Возвращались домой с боевой службы, с ракетной позиции, нарезанной по плану учений «Полярный круг» в Северной Атлантике. Известно, что большая часть аварий случается именно при возвращении вбазу.

Это самый каверзный период любого похода, когда самое трудное позади, когда через неделю-другую - родной берег, дом, семейные или холостяцкие радости… Расслабляется человек при одной мысли, что скоро увидит звездное небо над головой, а не глухой стальной подволок, тускло подсвеченный плафонами.
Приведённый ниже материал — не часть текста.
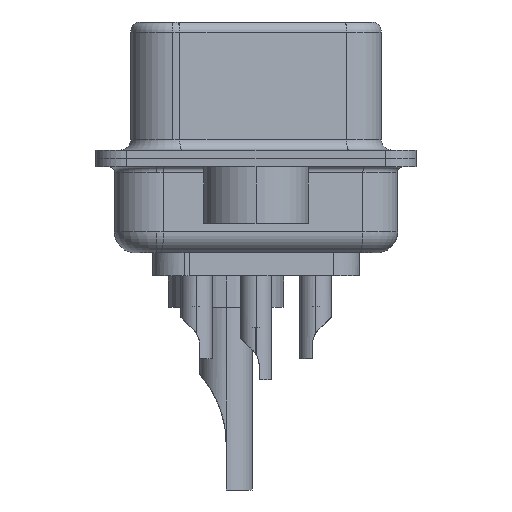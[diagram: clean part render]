
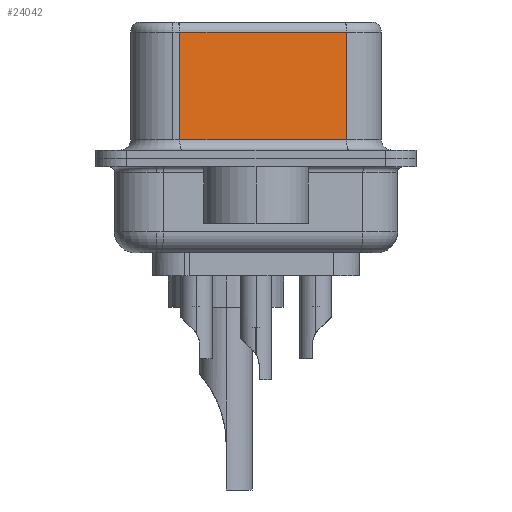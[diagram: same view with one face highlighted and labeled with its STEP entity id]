
A CAD part, left-side view. The second image highlights one B-rep face of the part: STEP entity #24042.
In plain terms, the highlighted planar face has unit normal (-0.985, -0.174, 0).
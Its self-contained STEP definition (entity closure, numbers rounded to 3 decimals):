
#646 = FACE_OUTER_BOUND ( 'NONE', #21562, .T. ) ;
#1276 = VECTOR ( 'NONE', #27617, 1000. ) ;
#4005 = ORIENTED_EDGE ( 'NONE', *, *, #22335, .T. ) ;
#4764 = CARTESIAN_POINT ( 'NONE',  ( 5.132, -4.322, 6.02 ) ) ;
#4922 = CARTESIAN_POINT ( 'NONE',  ( 3.73, 3.628, 6.52 ) ) ;
#5991 = ORIENTED_EDGE ( 'NONE', *, *, #26183, .T. ) ;
#6258 = CARTESIAN_POINT ( 'NONE',  ( 5.132, -4.322, 0.9 ) ) ;
#7368 = LINE ( 'NONE', #4764, #1276 ) ;
#8466 = VECTOR ( 'NONE', #21749, 1000. ) ;
#8739 = EDGE_CURVE ( 'NONE', #9696, #23777, #29833, .T. ) ;
#9696 = VERTEX_POINT ( 'NONE', #12257 ) ;
#10642 = ORIENTED_EDGE ( 'NONE', *, *, #21507, .T. ) ;
#11652 = PLANE ( 'NONE',  #20307 ) ;
#12148 = VECTOR ( 'NONE', #12806, 1000. ) ;
#12257 = CARTESIAN_POINT ( 'NONE',  ( 5.132, -4.322, 6.02 ) ) ;
#12806 = DIRECTION ( 'NONE',  ( 0., 0., -1. ) ) ;
#13396 = VERTEX_POINT ( 'NONE', #23972 ) ;
#14063 = DIRECTION ( 'NONE',  ( -0.174, 0.985, 0. ) ) ;
#14261 = CARTESIAN_POINT ( 'NONE',  ( 3.73, 3.628, 6.02 ) ) ;
#14474 = CARTESIAN_POINT ( 'NONE',  ( 5.132, -4.322, 0.9 ) ) ;
#15490 = LINE ( 'NONE', #4922, #24878 ) ;
#16590 = DIRECTION ( 'NONE',  ( 0., 0., -1. ) ) ;
#17039 = CARTESIAN_POINT ( 'NONE',  ( 5.132, -4.322, 6.52 ) ) ;
#20307 = AXIS2_PLACEMENT_3D ( 'NONE', #28075, #20730, #14063 ) ;
#20730 = DIRECTION ( 'NONE',  ( 0.985, 0.174, 0. ) ) ;
#20910 = ORIENTED_EDGE ( 'NONE', *, *, #8739, .F. ) ;
#21507 = EDGE_CURVE ( 'NONE', #13396, #23777, #22176, .T. ) ;
#21562 = EDGE_LOOP ( 'NONE', ( #20910, #5991, #4005, #10642 ) ) ;
#21749 = DIRECTION ( 'NONE',  ( 0.174, -0.985, 0. ) ) ;
#22176 = LINE ( 'NONE', #14474, #8466 ) ;
#22335 = EDGE_CURVE ( 'NONE', #22439, #13396, #15490, .T. ) ;
#22439 = VERTEX_POINT ( 'NONE', #14261 ) ;
#23777 = VERTEX_POINT ( 'NONE', #6258 ) ;
#23972 = CARTESIAN_POINT ( 'NONE',  ( 3.73, 3.628, 0.9 ) ) ;
#24042 = ADVANCED_FACE ( 'NONE', ( #646 ), #11652, .F. ) ;
#24878 = VECTOR ( 'NONE', #16590, 1000. ) ;
#26183 = EDGE_CURVE ( 'NONE', #9696, #22439, #7368, .T. ) ;
#27617 = DIRECTION ( 'NONE',  ( -0.174, 0.985, 0. ) ) ;
#28075 = CARTESIAN_POINT ( 'NONE',  ( 5.132, -4.322, 6.52 ) ) ;
#29833 = LINE ( 'NONE', #17039, #12148 ) ;
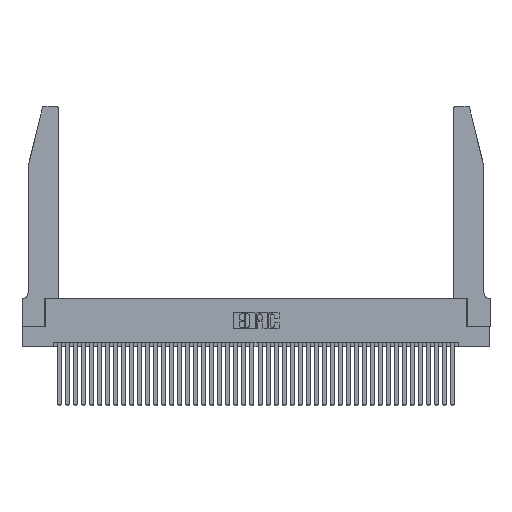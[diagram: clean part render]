
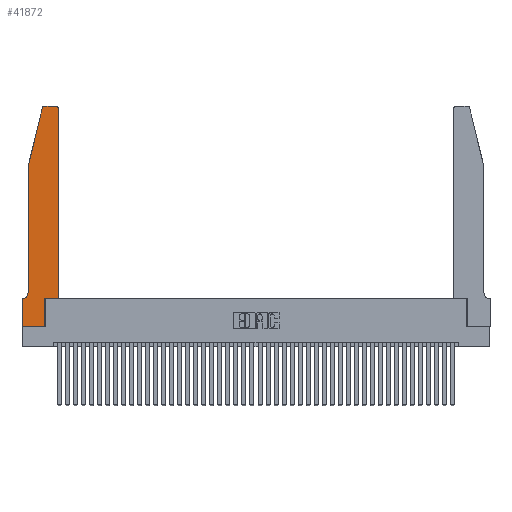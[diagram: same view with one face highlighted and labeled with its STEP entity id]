
A CAD part, top view. The second image highlights one B-rep face of the part: STEP entity #41872.
In plain terms, the highlighted planar face has unit normal (0, 0, 1).
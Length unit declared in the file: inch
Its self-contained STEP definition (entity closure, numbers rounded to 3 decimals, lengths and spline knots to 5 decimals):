
#24 = VERTEX_POINT ( 'NONE', #36834 ) ;
#1010 = CIRCLE ( 'NONE', #32408, 0.03 ) ;
#1539 = EDGE_CURVE ( 'NONE', #38981, #38687, #4493, .T. ) ;
#1946 = CARTESIAN_POINT ( 'NONE',  ( 0.0055, 0.35, 0.37 ) ) ;
#2404 = ORIENTED_EDGE ( 'NONE', *, *, #10834, .T. ) ;
#2922 = LINE ( 'NONE', #11637, #36008 ) ;
#3956 = FACE_OUTER_BOUND ( 'NONE', #18568, .T. ) ;
#4493 = LINE ( 'NONE', #22444, #11241 ) ;
#4660 = DIRECTION ( 'NONE',  ( 0., 0., 1. ) ) ;
#4727 = CARTESIAN_POINT ( 'NONE',  ( 0., 0.35, 0.37 ) ) ;
#5616 = EDGE_CURVE ( 'NONE', #12208, #13765, #1010, .T. ) ;
#6294 = VECTOR ( 'NONE', #39660, 39.37008 ) ;
#6629 = ORIENTED_EDGE ( 'NONE', *, *, #10088, .T. ) ;
#6648 = EDGE_CURVE ( 'NONE', #32325, #13306, #30456, .T. ) ;
#7336 = VECTOR ( 'NONE', #26426, 39.37008 ) ;
#8101 = DIRECTION ( 'NONE',  ( 1., 0., 0. ) ) ;
#9735 = ORIENTED_EDGE ( 'NONE', *, *, #17234, .T. ) ;
#10088 = EDGE_CURVE ( 'NONE', #13306, #27929, #32279, .T. ) ;
#10329 = CARTESIAN_POINT ( 'NONE',  ( 0., 0., 0.37 ) ) ;
#10383 = AXIS2_PLACEMENT_3D ( 'NONE', #24545, #4660, #27835 ) ;
#10834 = EDGE_CURVE ( 'NONE', #11791, #34099, #37276, .T. ) ;
#11241 = VECTOR ( 'NONE', #42140, 39.37008 ) ;
#11346 = VERTEX_POINT ( 'NONE', #36633 ) ;
#11633 = EDGE_CURVE ( 'NONE', #13765, #11791, #33703, .T. ) ;
#11637 = CARTESIAN_POINT ( 'NONE',  ( 0.2865, 0.35, 0.37 ) ) ;
#11656 = EDGE_CURVE ( 'NONE', #38687, #12208, #15083, .T. ) ;
#11791 = VERTEX_POINT ( 'NONE', #17864 ) ;
#12208 = VERTEX_POINT ( 'NONE', #39350 ) ;
#12457 = DIRECTION ( 'NONE',  ( 0., -1., 0. ) ) ;
#12845 = ORIENTED_EDGE ( 'NONE', *, *, #11656, .T. ) ;
#13306 = VERTEX_POINT ( 'NONE', #37983 ) ;
#13343 = ORIENTED_EDGE ( 'NONE', *, *, #39011, .T. ) ;
#13653 = DIRECTION ( 'NONE',  ( 1., 0., 0. ) ) ;
#13685 = EDGE_CURVE ( 'NONE', #24, #11346, #29190, .T. ) ;
#13765 = VERTEX_POINT ( 'NONE', #23955 ) ;
#13770 = CARTESIAN_POINT ( 'NONE',  ( 0.4205, 2.72, 0.37 ) ) ;
#14144 = DIRECTION ( 'NONE',  ( 0., 0., -1. ) ) ;
#14952 = DIRECTION ( 'NONE',  ( 0., 1., 0. ) ) ;
#15083 = LINE ( 'NONE', #16710, #6294 ) ;
#16457 = ORIENTED_EDGE ( 'NONE', *, *, #40565, .T. ) ;
#16614 = LINE ( 'NONE', #17462, #41777 ) ;
#16710 = CARTESIAN_POINT ( 'NONE',  ( 0.4505, 0.35, 0.37 ) ) ;
#17095 = DIRECTION ( 'NONE',  ( 1., 0., 0. ) ) ;
#17234 = EDGE_CURVE ( 'NONE', #11346, #38981, #2922, .T. ) ;
#17321 = CARTESIAN_POINT ( 'NONE',  ( 0.2865, 0.35, 0.37 ) ) ;
#17462 = CARTESIAN_POINT ( 'NONE',  ( 0.0755, 2., 0.37 ) ) ;
#17864 = CARTESIAN_POINT ( 'NONE',  ( 0.284, 2.75, 0.37 ) ) ;
#18568 = EDGE_LOOP ( 'NONE', ( #19083, #2404, #13343, #30931, #6629, #32991, #16457, #26333, #9735, #29403, #12845, #30430 ) ) ;
#19083 = ORIENTED_EDGE ( 'NONE', *, *, #11633, .T. ) ;
#19299 = CARTESIAN_POINT ( 'NONE',  ( 0.4505, 0.35, 0.37 ) ) ;
#20712 = AXIS2_PLACEMENT_3D ( 'NONE', #4727, #27897, #8101 ) ;
#20859 = DIRECTION ( 'NONE',  ( -0.239, -0.971, 0. ) ) ;
#21479 = VECTOR ( 'NONE', #13653, 39.37008 ) ;
#22444 = CARTESIAN_POINT ( 'NONE',  ( 0.4505, 0.35, 0.37 ) ) ;
#23108 = CARTESIAN_POINT ( 'NONE',  ( 0.2605, 2.75, 0.37 ) ) ;
#23302 = VECTOR ( 'NONE', #12457, 39.37008 ) ;
#23909 = VERTEX_POINT ( 'NONE', #31402 ) ;
#23955 = CARTESIAN_POINT ( 'NONE',  ( 0.4205, 2.75, 0.37 ) ) ;
#24227 = VECTOR ( 'NONE', #25822, 39.37008 ) ;
#24545 = CARTESIAN_POINT ( 'NONE',  ( 0.284, 2.72, 0.37 ) ) ;
#24615 = PLANE ( 'NONE',  #20712 ) ;
#25822 = DIRECTION ( 'NONE',  ( -1., 0., 0. ) ) ;
#26333 = ORIENTED_EDGE ( 'NONE', *, *, #13685, .T. ) ;
#26426 = DIRECTION ( 'NONE',  ( -1., 0., 0. ) ) ;
#27364 = VECTOR ( 'NONE', #38134, 39.37008 ) ;
#27835 = DIRECTION ( 'NONE',  ( 1., 0., 0. ) ) ;
#27897 = DIRECTION ( 'NONE',  ( 0., 0., 1. ) ) ;
#27929 = VERTEX_POINT ( 'NONE', #1946 ) ;
#28163 = CARTESIAN_POINT ( 'NONE',  ( 0.0755, 2., 0.37 ) ) ;
#28385 = AXIS2_PLACEMENT_3D ( 'NONE', #33935, #14144, #37147 ) ;
#28953 = CARTESIAN_POINT ( 'NONE',  ( 0., 0., 0.37 ) ) ;
#29190 = LINE ( 'NONE', #10329, #21479 ) ;
#29403 = ORIENTED_EDGE ( 'NONE', *, *, #1539, .T. ) ;
#30430 = ORIENTED_EDGE ( 'NONE', *, *, #5616, .T. ) ;
#30456 = LINE ( 'NONE', #31758, #27364 ) ;
#30931 = ORIENTED_EDGE ( 'NONE', *, *, #6648, .T. ) ;
#31402 = CARTESIAN_POINT ( 'NONE',  ( 0., 0.35, 0.37 ) ) ;
#31758 = CARTESIAN_POINT ( 'NONE',  ( 0.0755, 2., 0.37 ) ) ;
#32279 = CIRCLE ( 'NONE', #28385, 0.07 ) ;
#32325 = VERTEX_POINT ( 'NONE', #28163 ) ;
#32408 = AXIS2_PLACEMENT_3D ( 'NONE', #13770, #36781, #17095 ) ;
#32972 = LINE ( 'NONE', #35531, #24227 ) ;
#32991 = ORIENTED_EDGE ( 'NONE', *, *, #33065, .T. ) ;
#33065 = EDGE_CURVE ( 'NONE', #27929, #23909, #32972, .T. ) ;
#33703 = LINE ( 'NONE', #23108, #7336 ) ;
#33935 = CARTESIAN_POINT ( 'NONE',  ( 0.0055, 0.42, 0.37 ) ) ;
#34099 = VERTEX_POINT ( 'NONE', #34474 ) ;
#34474 = CARTESIAN_POINT ( 'NONE',  ( 0.25487, 2.72718, 0.37 ) ) ;
#35531 = CARTESIAN_POINT ( 'NONE',  ( 0.0755, 0.35, 0.37 ) ) ;
#36008 = VECTOR ( 'NONE', #14952, 39.37008 ) ;
#36633 = CARTESIAN_POINT ( 'NONE',  ( 0.2865, 0., 0.37 ) ) ;
#36781 = DIRECTION ( 'NONE',  ( 0., 0., 1. ) ) ;
#36834 = CARTESIAN_POINT ( 'NONE',  ( 0., 0., 0.37 ) ) ;
#37147 = DIRECTION ( 'NONE',  ( -1., 0., 0. ) ) ;
#37276 = CIRCLE ( 'NONE', #10383, 0.03 ) ;
#37983 = CARTESIAN_POINT ( 'NONE',  ( 0.0755, 0.42, 0.37 ) ) ;
#38134 = DIRECTION ( 'NONE',  ( 0., -1., 0. ) ) ;
#38687 = VERTEX_POINT ( 'NONE', #19299 ) ;
#38981 = VERTEX_POINT ( 'NONE', #17321 ) ;
#39011 = EDGE_CURVE ( 'NONE', #34099, #32325, #16614, .T. ) ;
#39350 = CARTESIAN_POINT ( 'NONE',  ( 0.4505, 2.72, 0.37 ) ) ;
#39660 = DIRECTION ( 'NONE',  ( 0., 1., 0. ) ) ;
#40565 = EDGE_CURVE ( 'NONE', #23909, #24, #41700, .T. ) ;
#41700 = LINE ( 'NONE', #28953, #23302 ) ;
#41777 = VECTOR ( 'NONE', #20859, 39.37008 ) ;
#41872 = ADVANCED_FACE ( 'NONE', ( #3956 ), #24615, .T. ) ;
#42140 = DIRECTION ( 'NONE',  ( 1., 0., 0. ) ) ;

10 часов 30 минут. До пожара еще пять минут… На вахте стояла третья боевая смена. Первая - отсыпалась, вторая - готовилась к обеду. В эти последние минуты что бы ни делал каждый, любой пустяк лодочной жизни обретал смысл либо роковой случайности, либо счастливого шанса. Всем им, разбросанным по десяти отсекам, уже выносились кем-то всемогущим приговоры - кому жить, кому сгореть, кому задохнуться, кому умереть в долгих муках. Как будто на атомном ракетоносце работала незримо, негласно некая выездная сессия Страшного Суда.

Вдруг жизненно важным для всех восьми офицеров, обитателей общей каюты в Восьмом отсеке, оказалось то, что старший лейтенант Евгений Медведев не уснул, как соседи, а читал, верный своей книгочейской страсти, роман Пикуля. Именно он услышит сигнал тревоги, почти не проникавший в глухой закут восьмиместки, разбудит товарищей, и те успеют надеть дыхательные аппараты, прежде чем ядовитый дым подступит к горлу.